Second, what does sexual harassment encompass? While clearly the intent is to cover the two types of sexual harassment – quid pro quo and hostile environment – does this new provision have a broader application? For instance, sexual discrimination also includes pregnancy discrimination and sexual orientation discrimination. Is the same true for sexual harassment? Is the provision equally applicable to pregnancy harassment and sexual orientation harassment claims?

Third, does any type of confidentiality invoke this provision? While clearly hushing up a victim such that (s)he cannot talk about the underlying facts would invoke this new provision, what about merely keep the amount of the payment confidential? Because NDA is not defined in the legislation, the more cautious interpretation would be that even making the amount paid confidential would invoke this provision and make the settlement payment nondeductible. This creates a dilemma for employers. If victims can talk about how much money they have recovered from their lawsuit, it might inspire copycat lawsuits. In such circumstances it might behoove employers to just not take the deduction. A related problem is what if the sex harassment is just one of many causes of action. A work around might be to enter into two separate agreements. The first agreement would be for the harassment cause of action and a de minimis amount of money could be allocated to the harassment claim. Because the amount of money would be so small in this agreement, the fact that it would not be deductible would not have a significant tax consequence. The second agreement would be for the remainder of the causes of action and a confidentiality provision for such a settlement should have no tax detriment. Perhaps anticipating this reaction, the California Senate has introduced a bill SB 820 that would declare void any provision that prevents the disclosure of factual information in sexual harassment, assault, or discrimination cases. Not only is this bill broader as to the claims that would be included, but also it would not limit the punishment to tax deductions but rather would be a broad ban on all such confidentiality clauses.

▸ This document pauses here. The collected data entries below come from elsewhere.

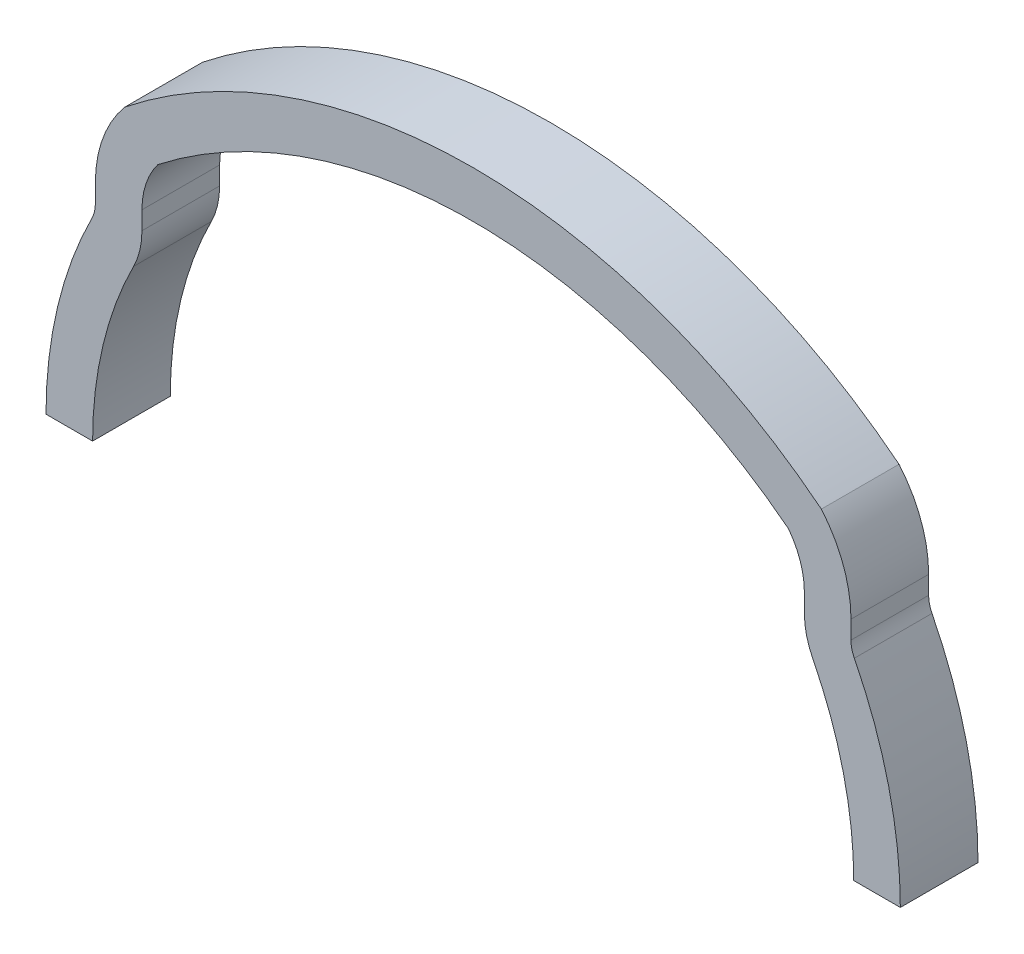
ISO-10303-21;
HEADER;
FILE_DESCRIPTION(('STEP AP214'),'2;1');
FILE_NAME('part.step','',(''),(''),'','','');
FILE_SCHEMA(('AUTOMOTIVE_DESIGN { 1 0 10303 214 1 1 1 1 }'));
ENDSEC;
DATA;
#1=APPLICATION_CONTEXT('core data for automotive mechanical design processes');
#2=APPLICATION_PROTOCOL_DEFINITION('international standard','automotive_design',2000,#1);
#3=PRODUCT_CONTEXT('',#1,'mechanical');
#4=PRODUCT('Part','Part','',(#3));
#5=PRODUCT_RELATED_PRODUCT_CATEGORY('part','',(#4));
#6=PRODUCT_DEFINITION_FORMATION('','',#4);
#7=PRODUCT_DEFINITION_CONTEXT('part definition',#1,'design');
#8=PRODUCT_DEFINITION('design','',#6,#7);
#9=PRODUCT_DEFINITION_SHAPE('','',#8);
#10=(LENGTH_UNIT() NAMED_UNIT(*) SI_UNIT(.MILLI.,.METRE.));
#11=(NAMED_UNIT(*) PLANE_ANGLE_UNIT() SI_UNIT($,.RADIAN.));
#12=(NAMED_UNIT(*) SI_UNIT($,.STERADIAN.) SOLID_ANGLE_UNIT());
#13=UNCERTAINTY_MEASURE_WITH_UNIT(LENGTH_MEASURE(1.E-05),#10,'distance_accuracy_value','');
#14=(GEOMETRIC_REPRESENTATION_CONTEXT(3) GLOBAL_UNCERTAINTY_ASSIGNED_CONTEXT((#13)) GLOBAL_UNIT_ASSIGNED_CONTEXT((#10,
#11,#12)) REPRESENTATION_CONTEXT('',''));
#15=CARTESIAN_POINT('',(0.,0.,0.));
#16=DIRECTION('',(0.,0.,1.));
#17=DIRECTION('',(1.,0.,0.));
#18=AXIS2_PLACEMENT_3D('',#15,#16,#17);
#19=CARTESIAN_POINT('',(16.3230769230769,14.4852505589068,5.));
#20=DIRECTION('',(0.,0.,-1.));
#21=DIRECTION('',(-1.,0.,0.));
#22=AXIS2_PLACEMENT_3D('',#19,#20,#21);
#23=CYLINDRICAL_SURFACE('',#22,7.99999999999999);
#24=CARTESIAN_POINT('',(16.3230769230769,14.4852505589068,0.));
#25=DIRECTION('',(0.,0.,1.));
#26=DIRECTION('',(-1.,0.,0.));
#27=AXIS2_PLACEMENT_3D('',#24,#25,#26);
#28=CIRCLE('',#27,7.99999999999999);
#29=CARTESIAN_POINT('',(24.3230769230769,14.4852505589068,0.));
#30=VERTEX_POINT('',#29);
#31=CARTESIAN_POINT('',(22.4158573499299,19.6696528070119,0.));
#32=VERTEX_POINT('',#31);
#33=EDGE_CURVE('E212',#30,#32,#28,.T.);
#34=ORIENTED_EDGE('',*,*,#33,.T.);
#35=DIRECTION('',(0.,0.,-1.));
#36=VECTOR('',#35,1.);
#37=CARTESIAN_POINT('',(22.4158573499299,19.6696528070119,5.));
#38=LINE('',#37,#36);
#39=CARTESIAN_POINT('',(22.4158573499299,19.6696528070119,5.));
#40=VERTEX_POINT('',#39);
#41=EDGE_CURVE('E11',#40,#32,#38,.T.);
#42=ORIENTED_EDGE('',*,*,#41,.F.);
#43=CARTESIAN_POINT('',(16.3230769230769,14.4852505589068,5.));
#44=DIRECTION('',(0.,0.,1.));
#45=DIRECTION('',(-1.,0.,0.));
#46=AXIS2_PLACEMENT_3D('',#43,#44,#45);
#47=CIRCLE('',#46,7.99999999999999);
#48=CARTESIAN_POINT('',(24.3230769230769,14.4852505589068,5.));
#49=VERTEX_POINT('',#48);
#50=EDGE_CURVE('E271',#49,#40,#47,.T.);
#51=ORIENTED_EDGE('',*,*,#50,.F.);
#52=DIRECTION('',(0.,0.,-1.));
#53=VECTOR('',#52,1.);
#54=CARTESIAN_POINT('',(24.3230769230769,14.4852505589068,5.));
#55=LINE('',#54,#53);
#56=EDGE_CURVE('E208',#49,#30,#55,.T.);
#57=ORIENTED_EDGE('',*,*,#56,.T.);
#58=EDGE_LOOP('',(#34,#42,#51,#57));
#59=FACE_BOUND('',#58,.T.);
#60=ADVANCED_FACE('F39',(#59),#23,.T.);
#61=CARTESIAN_POINT('',(0.,-8.5,5.));
#62=DIRECTION('',(0.,0.,-1.));
#63=DIRECTION('',(-1.,0.,0.));
#64=AXIS2_PLACEMENT_3D('',#61,#62,#63);
#65=CYLINDRICAL_SURFACE('',#64,36.);
#66=CARTESIAN_POINT('',(0.,-8.5,0.));
#67=DIRECTION('',(0.,0.,1.));
#68=DIRECTION('',(1.,0.,0.));
#69=AXIS2_PLACEMENT_3D('',#66,#67,#68);
#70=CIRCLE('',#69,36.);
#71=CARTESIAN_POINT('',(-22.4158573499299,19.6696528070119,0.));
#72=VERTEX_POINT('',#71);
#73=EDGE_CURVE('E216',#32,#72,#70,.T.);
#74=ORIENTED_EDGE('',*,*,#73,.T.);
#75=DIRECTION('',(0.,0.,-1.));
#76=VECTOR('',#75,1.);
#77=CARTESIAN_POINT('',(-22.4158573499299,19.6696528070119,5.));
#78=LINE('',#77,#76);
#79=CARTESIAN_POINT('',(-22.4158573499299,19.6696528070119,5.));
#80=VERTEX_POINT('',#79);
#81=EDGE_CURVE('E48',#80,#72,#78,.T.);
#82=ORIENTED_EDGE('',*,*,#81,.F.);
#83=CARTESIAN_POINT('',(0.,-8.5,5.));
#84=DIRECTION('',(0.,0.,1.));
#85=DIRECTION('',(-1.,0.,0.));
#86=AXIS2_PLACEMENT_3D('',#83,#84,#85);
#87=CIRCLE('',#86,36.);
#88=EDGE_CURVE('E135',#40,#80,#87,.T.);
#89=ORIENTED_EDGE('',*,*,#88,.F.);
#90=ORIENTED_EDGE('',*,*,#41,.T.);
#91=EDGE_LOOP('',(#74,#82,#89,#90));
#92=FACE_BOUND('',#91,.T.);
#93=ADVANCED_FACE('F421',(#92),#65,.T.);
#94=CARTESIAN_POINT('',(-16.3230769230769,14.4852505589068,5.));
#95=DIRECTION('',(0.,0.,-1.));
#96=DIRECTION('',(-1.,0.,0.));
#97=AXIS2_PLACEMENT_3D('',#94,#95,#96);
#98=CYLINDRICAL_SURFACE('',#97,7.99999999999999);
#99=CARTESIAN_POINT('',(-16.3230769230769,14.4852505589068,0.));
#100=DIRECTION('',(0.,0.,1.));
#101=DIRECTION('',(1.,0.,0.));
#102=AXIS2_PLACEMENT_3D('',#99,#100,#101);
#103=CIRCLE('',#102,7.99999999999999);
#104=CARTESIAN_POINT('',(-24.3230769230769,14.4852505589068,0.));
#105=VERTEX_POINT('',#104);
#106=EDGE_CURVE('E219',#72,#105,#103,.T.);
#107=ORIENTED_EDGE('',*,*,#106,.T.);
#108=DIRECTION('',(0.,0.,-1.));
#109=VECTOR('',#108,1.);
#110=CARTESIAN_POINT('',(-24.3230769230769,14.4852505589068,5.));
#111=LINE('',#110,#109);
#112=CARTESIAN_POINT('',(-24.3230769230769,14.4852505589068,5.));
#113=VERTEX_POINT('',#112);
#114=EDGE_CURVE('E330',#113,#105,#111,.T.);
#115=ORIENTED_EDGE('',*,*,#114,.F.);
#116=CARTESIAN_POINT('',(-16.3230769230769,14.4852505589068,5.));
#117=DIRECTION('',(0.,0.,1.));
#118=DIRECTION('',(1.,0.,0.));
#119=AXIS2_PLACEMENT_3D('',#116,#117,#118);
#120=CIRCLE('',#119,7.99999999999999);
#121=EDGE_CURVE('E340',#80,#113,#120,.T.);
#122=ORIENTED_EDGE('',*,*,#121,.F.);
#123=ORIENTED_EDGE('',*,*,#81,.T.);
#124=EDGE_LOOP('',(#107,#115,#122,#123));
#125=FACE_BOUND('',#124,.T.);
#126=ADVANCED_FACE('F338',(#125),#98,.T.);
#127=CARTESIAN_POINT('',(-24.3230769230769,14.4852505589068,5.));
#128=DIRECTION('',(1.,0.,0.));
#129=DIRECTION('',(0.,1.,0.));
#130=AXIS2_PLACEMENT_3D('',#127,#128,#129);
#131=PLANE('',#130);
#132=DIRECTION('',(0.,-1.,0.));
#133=VECTOR('',#132,1.);
#134=CARTESIAN_POINT('',(-24.3230769230769,14.4852505589068,0.));
#135=LINE('',#134,#133);
#136=CARTESIAN_POINT('',(-24.3230769230769,13.3171176048639,0.));
#137=VERTEX_POINT('',#136);
#138=EDGE_CURVE('E222',#105,#137,#135,.T.);
#139=ORIENTED_EDGE('',*,*,#138,.T.);
#140=DIRECTION('',(0.,0.,-1.));
#141=VECTOR('',#140,1.);
#142=CARTESIAN_POINT('',(-24.3230769230769,13.3171176048639,5.));
#143=LINE('',#142,#141);
#144=CARTESIAN_POINT('',(-24.3230769230769,13.3171176048639,5.));
#145=VERTEX_POINT('',#144);
#146=EDGE_CURVE('E326',#145,#137,#143,.T.);
#147=ORIENTED_EDGE('',*,*,#146,.F.);
#148=DIRECTION('',(0.,-1.,0.));
#149=VECTOR('',#148,1.);
#150=CARTESIAN_POINT('',(-24.3230769230769,14.4852505589068,5.));
#151=LINE('',#150,#149);
#152=EDGE_CURVE('E359',#113,#145,#151,.T.);
#153=ORIENTED_EDGE('',*,*,#152,.F.);
#154=ORIENTED_EDGE('',*,*,#114,.T.);
#155=EDGE_LOOP('',(#139,#147,#153,#154));
#156=FACE_BOUND('',#155,.T.);
#157=ADVANCED_FACE('F349',(#156),#131,.F.);
#158=CARTESIAN_POINT('',(-26.3230769230769,13.3171176048639,5.));
#159=DIRECTION('',(0.,0.,-1.));
#160=DIRECTION('',(-1.,0.,0.));
#161=AXIS2_PLACEMENT_3D('',#158,#159,#160);
#162=CYLINDRICAL_SURFACE('',#161,2.);
#163=CARTESIAN_POINT('',(-26.3230769230769,13.3171176048639,0.));
#164=DIRECTION('',(0.,0.,-1.));
#165=DIRECTION('',(-1.,0.,0.));
#166=AXIS2_PLACEMENT_3D('',#163,#164,#165);
#167=CIRCLE('',#166,2.);
#168=CARTESIAN_POINT('',(-24.5384615384616,12.4142621740256,0.));
#169=VERTEX_POINT('',#168);
#170=EDGE_CURVE('E225',#137,#169,#167,.T.);
#171=ORIENTED_EDGE('',*,*,#170,.T.);
#172=DIRECTION('',(0.,0.,-1.));
#173=VECTOR('',#172,1.);
#174=CARTESIAN_POINT('',(-24.5384615384616,12.4142621740256,5.));
#175=LINE('',#174,#173);
#176=CARTESIAN_POINT('',(-24.5384615384616,12.4142621740256,5.));
#177=VERTEX_POINT('',#176);
#178=EDGE_CURVE('E322',#177,#169,#175,.T.);
#179=ORIENTED_EDGE('',*,*,#178,.F.);
#180=CARTESIAN_POINT('',(-26.3230769230769,13.3171176048639,5.));
#181=DIRECTION('',(0.,0.,-1.));
#182=DIRECTION('',(-1.,0.,0.));
#183=AXIS2_PLACEMENT_3D('',#180,#181,#182);
#184=CIRCLE('',#183,2.);
#185=EDGE_CURVE('E355',#145,#177,#184,.T.);
#186=ORIENTED_EDGE('',*,*,#185,.F.);
#187=ORIENTED_EDGE('',*,*,#146,.T.);
#188=EDGE_LOOP('',(#171,#179,#186,#187));
#189=FACE_BOUND('',#188,.T.);
#190=ADVANCED_FACE('F353',(#189),#162,.F.);
#191=CARTESIAN_POINT('',(0.,0.,5.));
#192=DIRECTION('',(0.,0.,-1.));
#193=DIRECTION('',(-1.,0.,0.));
#194=AXIS2_PLACEMENT_3D('',#191,#192,#193);
#195=CYLINDRICAL_SURFACE('',#194,27.5);
#196=CARTESIAN_POINT('',(0.,0.,0.));
#197=DIRECTION('',(0.,0.,1.));
#198=DIRECTION('',(1.,0.,0.));
#199=AXIS2_PLACEMENT_3D('',#196,#197,#198);
#200=CIRCLE('',#199,27.5);
#201=CARTESIAN_POINT('',(-27.5,0.,0.));
#202=VERTEX_POINT('',#201);
#203=EDGE_CURVE('E228',#169,#202,#200,.T.);
#204=ORIENTED_EDGE('',*,*,#203,.T.);
#205=DIRECTION('',(0.,0.,-1.));
#206=VECTOR('',#205,1.);
#207=CARTESIAN_POINT('',(-27.5,0.,5.));
#208=LINE('',#207,#206);
#209=CARTESIAN_POINT('',(-27.5,0.,5.));
#210=VERTEX_POINT('',#209);
#211=EDGE_CURVE('E318',#210,#202,#208,.T.);
#212=ORIENTED_EDGE('',*,*,#211,.F.);
#213=CARTESIAN_POINT('',(0.,0.,5.));
#214=DIRECTION('',(0.,0.,1.));
#215=DIRECTION('',(1.,0.,0.));
#216=AXIS2_PLACEMENT_3D('',#213,#214,#215);
#217=CIRCLE('',#216,27.5);
#218=EDGE_CURVE('E358',#177,#210,#217,.T.);
#219=ORIENTED_EDGE('',*,*,#218,.F.);
#220=ORIENTED_EDGE('',*,*,#178,.T.);
#221=EDGE_LOOP('',(#204,#212,#219,#220));
#222=FACE_BOUND('',#221,.T.);
#223=ADVANCED_FACE('F434',(#222),#195,.T.);
#224=CARTESIAN_POINT('',(-27.5,0.,5.));
#225=DIRECTION('',(0.,1.,0.));
#226=DIRECTION('',(-1.,0.,0.));
#227=AXIS2_PLACEMENT_3D('',#224,#225,#226);
#228=PLANE('',#227);
#229=DIRECTION('',(1.,0.,0.));
#230=VECTOR('',#229,1.);
#231=CARTESIAN_POINT('',(-27.5,0.,0.));
#232=LINE('',#231,#230);
#233=CARTESIAN_POINT('',(-24.5,0.,0.));
#234=VERTEX_POINT('',#233);
#235=EDGE_CURVE('E231',#202,#234,#232,.T.);
#236=ORIENTED_EDGE('',*,*,#235,.T.);
#237=DIRECTION('',(0.,0.,-1.));
#238=VECTOR('',#237,1.);
#239=CARTESIAN_POINT('',(-24.5,0.,5.));
#240=LINE('',#239,#238);
#241=CARTESIAN_POINT('',(-24.5,0.,5.));
#242=VERTEX_POINT('',#241);
#243=EDGE_CURVE('E314',#242,#234,#240,.T.);
#244=ORIENTED_EDGE('',*,*,#243,.F.);
#245=DIRECTION('',(1.,0.,0.));
#246=VECTOR('',#245,1.);
#247=CARTESIAN_POINT('',(-27.5,0.,5.));
#248=LINE('',#247,#246);
#249=EDGE_CURVE('E363',#210,#242,#248,.T.);
#250=ORIENTED_EDGE('',*,*,#249,.F.);
#251=ORIENTED_EDGE('',*,*,#211,.T.);
#252=EDGE_LOOP('',(#236,#244,#250,#251));
#253=FACE_BOUND('',#252,.T.);
#254=ADVANCED_FACE('F437',(#253),#228,.F.);
#255=CARTESIAN_POINT('',(0.,0.,5.));
#256=DIRECTION('',(0.,0.,-1.));
#257=DIRECTION('',(-1.,0.,0.));
#258=AXIS2_PLACEMENT_3D('',#255,#256,#257);
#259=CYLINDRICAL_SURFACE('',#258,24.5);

Fourth, in today’s employment environment, many companies have procured Employment Practices Liability Insurance. After an employer satisfies a deductible, the insurance company becomes wholly liable for the payment of covered claims including sex harassment. The new tax provision is not limited to employers so presumably an insurer risks the same loss of deduction if it pays the settlement amount and requires a confidentiality clause. In such circumstances if the employer wants the settlement confidential, does the insurer violate its duty to defend by refusing to agree to a confidential settlement agreement to maintain its tax deduction?

Fifth, the law makes clear that attorney’s fees incurred by employers are not deductible if a settlement agreement contains a NDA. What is not clear is whether attorney’s fees for the victim are deductible if the settlement agreement contains a confidentiality provision. While an employer may be willing to forego the deductibility of its attorney’s fees to maintain confidentiality, there is little to no incentive for an employee to lose the deduction. Also, if the settlement agreement provides for confidentiality, does an employer lose the deduction for all of its attorney’s fees or just those amounts attributable to defending the sex harassment cause of action?

These are just a few questions raised by this new provision. As the courts work their way through these issues, they will have to grapple with such policy issues like if the employer does not choose to lose deductibility of settlement payments, does this discourage fast resolution of sex harassment cases? As companies wade through these issues in the coming months, it will be important to have both competent tax counsel and employment counsel helping them navigate there murky waters.